Little Endian: The least significant byte (LSB) of the character is stored first (at the lower memory address). For example: 0xD800 => 0x00 0xD8.
Big Endian (BE): The most significant byte (MSB) is stored first. For example: 0xD800 => 0xD8 0x00.

BOM

Byte Order Mark (BOM) is a particular usage of the special Unicode character code, U+FEFF. Is a sequence of bytes at the beginning of a text file that indicates the byte order (endianness) and sometimes the character encoding used in the file.

UTF-8: EF BB BF
UTF-16 (Big Endian): FE FF
UTF-16 (Little Endian): FF FE
UTF-32 (Big Endian): 00 00 FE FF
UTF-32 (Little Endian): FF FE 00 00

We can test this in Visual Studio Code, for example, using the Hex Editor. Open the file with the editor, then click on ‘Save with Encoding’ > ‘UTF-8 with BOM’. You will then see these bytes:”

End of String U+0000

The symbol Null, U+0000 is included in the C0 controls subblock of the Basic Latin block. Null can be used as a marker for the end of a string or an array of characters, especially in programming languages such as C and C++ (C-strings).
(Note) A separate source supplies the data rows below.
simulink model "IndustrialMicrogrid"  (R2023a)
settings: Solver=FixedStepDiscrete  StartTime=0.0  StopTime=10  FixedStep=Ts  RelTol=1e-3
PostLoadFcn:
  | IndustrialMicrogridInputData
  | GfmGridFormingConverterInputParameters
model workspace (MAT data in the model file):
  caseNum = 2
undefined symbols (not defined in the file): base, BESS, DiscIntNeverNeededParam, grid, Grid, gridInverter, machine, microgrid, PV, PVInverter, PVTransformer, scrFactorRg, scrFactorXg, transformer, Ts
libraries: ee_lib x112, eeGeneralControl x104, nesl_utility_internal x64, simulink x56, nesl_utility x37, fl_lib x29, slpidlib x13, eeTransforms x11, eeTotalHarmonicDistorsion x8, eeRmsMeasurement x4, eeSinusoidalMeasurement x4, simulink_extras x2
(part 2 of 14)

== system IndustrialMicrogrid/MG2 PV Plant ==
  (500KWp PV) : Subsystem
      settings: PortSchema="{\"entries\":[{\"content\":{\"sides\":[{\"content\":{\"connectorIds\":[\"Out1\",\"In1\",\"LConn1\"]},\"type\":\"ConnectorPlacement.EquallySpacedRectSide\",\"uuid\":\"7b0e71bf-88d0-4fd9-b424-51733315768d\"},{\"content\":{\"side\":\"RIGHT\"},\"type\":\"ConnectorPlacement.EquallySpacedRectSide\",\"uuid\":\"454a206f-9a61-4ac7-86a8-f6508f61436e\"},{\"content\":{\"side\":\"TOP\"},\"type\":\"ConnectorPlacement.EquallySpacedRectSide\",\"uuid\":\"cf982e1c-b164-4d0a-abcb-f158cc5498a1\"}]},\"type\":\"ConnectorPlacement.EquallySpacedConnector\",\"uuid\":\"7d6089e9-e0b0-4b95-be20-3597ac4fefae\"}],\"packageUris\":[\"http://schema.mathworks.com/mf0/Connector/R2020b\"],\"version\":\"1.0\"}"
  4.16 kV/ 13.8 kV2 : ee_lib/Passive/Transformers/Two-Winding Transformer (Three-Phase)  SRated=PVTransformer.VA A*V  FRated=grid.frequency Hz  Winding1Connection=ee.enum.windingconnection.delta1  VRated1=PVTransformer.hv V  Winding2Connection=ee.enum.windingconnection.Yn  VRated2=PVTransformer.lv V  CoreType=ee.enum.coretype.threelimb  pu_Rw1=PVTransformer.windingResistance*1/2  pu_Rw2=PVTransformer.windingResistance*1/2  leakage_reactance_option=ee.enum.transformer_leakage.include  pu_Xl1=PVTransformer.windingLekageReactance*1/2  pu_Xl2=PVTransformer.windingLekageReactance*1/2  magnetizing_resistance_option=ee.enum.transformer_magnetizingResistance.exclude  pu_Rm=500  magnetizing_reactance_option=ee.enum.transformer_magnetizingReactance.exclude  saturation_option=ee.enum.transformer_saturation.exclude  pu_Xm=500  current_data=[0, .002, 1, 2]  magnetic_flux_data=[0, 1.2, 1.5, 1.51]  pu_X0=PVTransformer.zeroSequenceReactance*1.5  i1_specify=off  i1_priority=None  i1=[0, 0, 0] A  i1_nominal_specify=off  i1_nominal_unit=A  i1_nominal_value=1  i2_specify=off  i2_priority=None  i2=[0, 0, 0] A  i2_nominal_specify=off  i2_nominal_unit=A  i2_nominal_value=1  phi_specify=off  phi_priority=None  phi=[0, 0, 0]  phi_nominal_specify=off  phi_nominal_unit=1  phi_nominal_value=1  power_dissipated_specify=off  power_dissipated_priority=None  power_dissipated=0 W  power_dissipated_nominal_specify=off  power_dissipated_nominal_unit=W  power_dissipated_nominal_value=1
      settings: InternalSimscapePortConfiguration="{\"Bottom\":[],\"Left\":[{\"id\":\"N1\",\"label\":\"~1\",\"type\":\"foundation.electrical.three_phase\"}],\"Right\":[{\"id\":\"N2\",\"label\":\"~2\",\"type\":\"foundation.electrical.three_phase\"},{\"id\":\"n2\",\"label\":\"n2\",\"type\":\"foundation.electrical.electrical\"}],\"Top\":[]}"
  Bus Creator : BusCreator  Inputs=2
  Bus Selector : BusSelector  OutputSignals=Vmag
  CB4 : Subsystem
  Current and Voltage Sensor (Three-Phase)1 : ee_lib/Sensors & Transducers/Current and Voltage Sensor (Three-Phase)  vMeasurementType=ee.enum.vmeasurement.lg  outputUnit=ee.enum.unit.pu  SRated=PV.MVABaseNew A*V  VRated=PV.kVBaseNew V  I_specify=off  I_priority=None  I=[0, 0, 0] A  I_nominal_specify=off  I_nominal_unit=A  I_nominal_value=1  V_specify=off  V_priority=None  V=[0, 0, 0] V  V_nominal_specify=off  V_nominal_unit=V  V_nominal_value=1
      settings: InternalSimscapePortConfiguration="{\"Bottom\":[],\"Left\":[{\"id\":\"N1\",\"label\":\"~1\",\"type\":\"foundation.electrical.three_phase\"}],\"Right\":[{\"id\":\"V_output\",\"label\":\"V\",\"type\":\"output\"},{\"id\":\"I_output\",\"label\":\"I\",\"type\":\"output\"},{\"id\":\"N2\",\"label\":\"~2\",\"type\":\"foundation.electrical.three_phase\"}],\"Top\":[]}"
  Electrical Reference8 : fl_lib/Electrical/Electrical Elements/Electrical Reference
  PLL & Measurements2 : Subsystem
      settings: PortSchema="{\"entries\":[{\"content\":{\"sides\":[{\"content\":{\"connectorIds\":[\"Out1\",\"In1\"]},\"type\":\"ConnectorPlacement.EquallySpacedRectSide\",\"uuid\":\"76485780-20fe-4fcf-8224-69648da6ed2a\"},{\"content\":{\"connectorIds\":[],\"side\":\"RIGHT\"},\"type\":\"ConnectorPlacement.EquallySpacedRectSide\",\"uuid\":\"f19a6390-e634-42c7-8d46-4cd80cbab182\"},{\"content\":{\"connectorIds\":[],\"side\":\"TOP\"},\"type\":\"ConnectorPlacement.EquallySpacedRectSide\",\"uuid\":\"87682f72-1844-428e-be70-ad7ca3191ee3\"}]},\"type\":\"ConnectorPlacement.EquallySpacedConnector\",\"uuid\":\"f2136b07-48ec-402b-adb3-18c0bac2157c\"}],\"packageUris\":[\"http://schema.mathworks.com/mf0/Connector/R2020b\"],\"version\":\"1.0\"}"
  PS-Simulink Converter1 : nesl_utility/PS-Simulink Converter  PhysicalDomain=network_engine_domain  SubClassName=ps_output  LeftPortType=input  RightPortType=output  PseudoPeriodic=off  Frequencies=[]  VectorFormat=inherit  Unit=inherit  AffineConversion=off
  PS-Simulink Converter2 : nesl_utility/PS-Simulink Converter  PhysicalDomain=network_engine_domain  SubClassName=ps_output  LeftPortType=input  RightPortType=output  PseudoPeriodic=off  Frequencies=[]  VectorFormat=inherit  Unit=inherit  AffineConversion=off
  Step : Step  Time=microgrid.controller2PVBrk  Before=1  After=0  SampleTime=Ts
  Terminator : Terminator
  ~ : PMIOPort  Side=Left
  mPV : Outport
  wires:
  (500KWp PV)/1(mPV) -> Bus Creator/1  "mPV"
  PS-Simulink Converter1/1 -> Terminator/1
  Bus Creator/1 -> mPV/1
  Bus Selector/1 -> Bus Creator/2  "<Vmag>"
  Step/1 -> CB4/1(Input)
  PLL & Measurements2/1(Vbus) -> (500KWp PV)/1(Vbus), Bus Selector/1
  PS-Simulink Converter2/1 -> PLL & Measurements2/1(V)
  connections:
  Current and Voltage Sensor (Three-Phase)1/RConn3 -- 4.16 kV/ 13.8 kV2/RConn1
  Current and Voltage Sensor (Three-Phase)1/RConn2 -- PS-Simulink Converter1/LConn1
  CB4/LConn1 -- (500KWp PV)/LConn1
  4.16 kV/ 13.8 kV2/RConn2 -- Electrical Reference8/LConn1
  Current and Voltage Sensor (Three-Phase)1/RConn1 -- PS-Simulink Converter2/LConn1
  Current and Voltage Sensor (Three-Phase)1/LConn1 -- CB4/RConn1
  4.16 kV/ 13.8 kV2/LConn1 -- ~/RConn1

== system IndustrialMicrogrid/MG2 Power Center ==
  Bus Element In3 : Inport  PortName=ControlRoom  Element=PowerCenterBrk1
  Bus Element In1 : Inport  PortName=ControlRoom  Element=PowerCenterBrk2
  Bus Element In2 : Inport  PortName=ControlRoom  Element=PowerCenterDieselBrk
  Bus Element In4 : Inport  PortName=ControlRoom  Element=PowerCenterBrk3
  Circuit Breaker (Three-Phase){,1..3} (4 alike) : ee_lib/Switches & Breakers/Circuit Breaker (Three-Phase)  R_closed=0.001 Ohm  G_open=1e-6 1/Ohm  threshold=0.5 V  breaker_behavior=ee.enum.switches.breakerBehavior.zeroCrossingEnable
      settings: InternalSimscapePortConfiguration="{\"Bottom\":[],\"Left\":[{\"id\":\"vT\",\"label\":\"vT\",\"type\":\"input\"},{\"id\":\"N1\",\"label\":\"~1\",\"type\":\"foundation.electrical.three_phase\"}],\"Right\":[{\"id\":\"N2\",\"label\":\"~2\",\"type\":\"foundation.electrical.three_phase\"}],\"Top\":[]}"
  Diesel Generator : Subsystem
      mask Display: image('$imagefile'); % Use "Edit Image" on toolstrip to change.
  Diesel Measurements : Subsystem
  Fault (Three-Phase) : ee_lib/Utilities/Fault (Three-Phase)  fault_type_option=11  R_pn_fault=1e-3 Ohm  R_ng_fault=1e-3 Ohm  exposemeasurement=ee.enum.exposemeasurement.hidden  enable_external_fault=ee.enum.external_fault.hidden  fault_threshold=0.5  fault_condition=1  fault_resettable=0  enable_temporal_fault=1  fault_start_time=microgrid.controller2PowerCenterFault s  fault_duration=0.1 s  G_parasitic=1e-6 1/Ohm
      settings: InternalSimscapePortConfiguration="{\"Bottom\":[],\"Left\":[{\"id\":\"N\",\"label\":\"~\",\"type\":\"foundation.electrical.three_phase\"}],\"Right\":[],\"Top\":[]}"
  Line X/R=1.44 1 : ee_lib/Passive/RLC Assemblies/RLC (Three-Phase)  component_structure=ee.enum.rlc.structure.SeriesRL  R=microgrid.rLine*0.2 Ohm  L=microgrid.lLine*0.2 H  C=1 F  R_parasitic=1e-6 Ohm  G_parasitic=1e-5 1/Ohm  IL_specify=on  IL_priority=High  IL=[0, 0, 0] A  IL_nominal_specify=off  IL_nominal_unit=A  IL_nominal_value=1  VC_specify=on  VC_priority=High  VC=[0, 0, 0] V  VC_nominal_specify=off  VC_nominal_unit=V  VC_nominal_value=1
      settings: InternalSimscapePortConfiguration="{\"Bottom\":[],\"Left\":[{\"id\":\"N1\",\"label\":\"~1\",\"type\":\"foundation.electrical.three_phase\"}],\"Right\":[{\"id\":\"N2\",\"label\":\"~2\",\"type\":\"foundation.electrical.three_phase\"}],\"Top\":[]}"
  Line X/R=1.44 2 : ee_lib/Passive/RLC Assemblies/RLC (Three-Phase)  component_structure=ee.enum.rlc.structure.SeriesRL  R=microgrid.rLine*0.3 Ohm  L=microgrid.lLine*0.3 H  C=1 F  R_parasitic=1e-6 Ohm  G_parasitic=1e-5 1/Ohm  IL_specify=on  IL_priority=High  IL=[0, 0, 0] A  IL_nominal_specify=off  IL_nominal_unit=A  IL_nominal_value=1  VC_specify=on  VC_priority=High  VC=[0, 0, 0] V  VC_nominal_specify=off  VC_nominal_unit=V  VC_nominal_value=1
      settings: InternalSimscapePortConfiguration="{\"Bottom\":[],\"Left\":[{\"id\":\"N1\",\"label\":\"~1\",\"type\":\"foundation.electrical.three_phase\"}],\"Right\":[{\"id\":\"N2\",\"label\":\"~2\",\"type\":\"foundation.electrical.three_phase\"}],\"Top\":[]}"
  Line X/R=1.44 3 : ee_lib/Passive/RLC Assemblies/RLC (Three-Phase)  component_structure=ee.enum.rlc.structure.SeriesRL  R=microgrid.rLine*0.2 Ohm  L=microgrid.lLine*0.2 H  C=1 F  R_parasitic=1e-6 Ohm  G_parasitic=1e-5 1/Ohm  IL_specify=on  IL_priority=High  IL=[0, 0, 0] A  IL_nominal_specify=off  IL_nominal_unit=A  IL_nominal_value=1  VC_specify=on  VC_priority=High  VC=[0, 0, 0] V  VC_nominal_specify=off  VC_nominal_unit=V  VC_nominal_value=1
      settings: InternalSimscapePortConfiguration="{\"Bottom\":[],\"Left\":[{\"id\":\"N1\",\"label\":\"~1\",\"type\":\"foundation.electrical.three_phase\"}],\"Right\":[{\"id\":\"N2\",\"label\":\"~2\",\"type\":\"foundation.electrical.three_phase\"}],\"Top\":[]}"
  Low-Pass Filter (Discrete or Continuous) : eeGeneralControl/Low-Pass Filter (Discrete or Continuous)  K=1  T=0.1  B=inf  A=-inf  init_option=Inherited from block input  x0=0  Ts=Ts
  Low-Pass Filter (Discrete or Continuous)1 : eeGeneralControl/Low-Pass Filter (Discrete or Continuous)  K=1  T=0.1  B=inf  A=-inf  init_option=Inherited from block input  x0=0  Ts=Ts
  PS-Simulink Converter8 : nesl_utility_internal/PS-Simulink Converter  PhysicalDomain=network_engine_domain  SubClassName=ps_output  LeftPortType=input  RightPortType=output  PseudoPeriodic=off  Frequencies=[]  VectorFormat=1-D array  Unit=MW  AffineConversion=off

Programs and UIs like SQL Server Manager do not print this character. However, if the presence of null characters is enough, this could unexpectedly result in string-end representations for the UI, making it appear as though the string is truncated. Take a look to this with an example:

echo "41410A" | xxd -r -p > test01.txt
echo "410000000000000000000000000000000000000410A" | xxd -r -p > test02.txt

As you can see, test01.txt contains 3 bytes (A + A + LF), while test02.txt is 22 bytes. However, when printed, it only displays “A” because the x37 ceros are interpreted as string end.

Notice that this character is part of string escape sequences in many languages like .NET, but not in Java.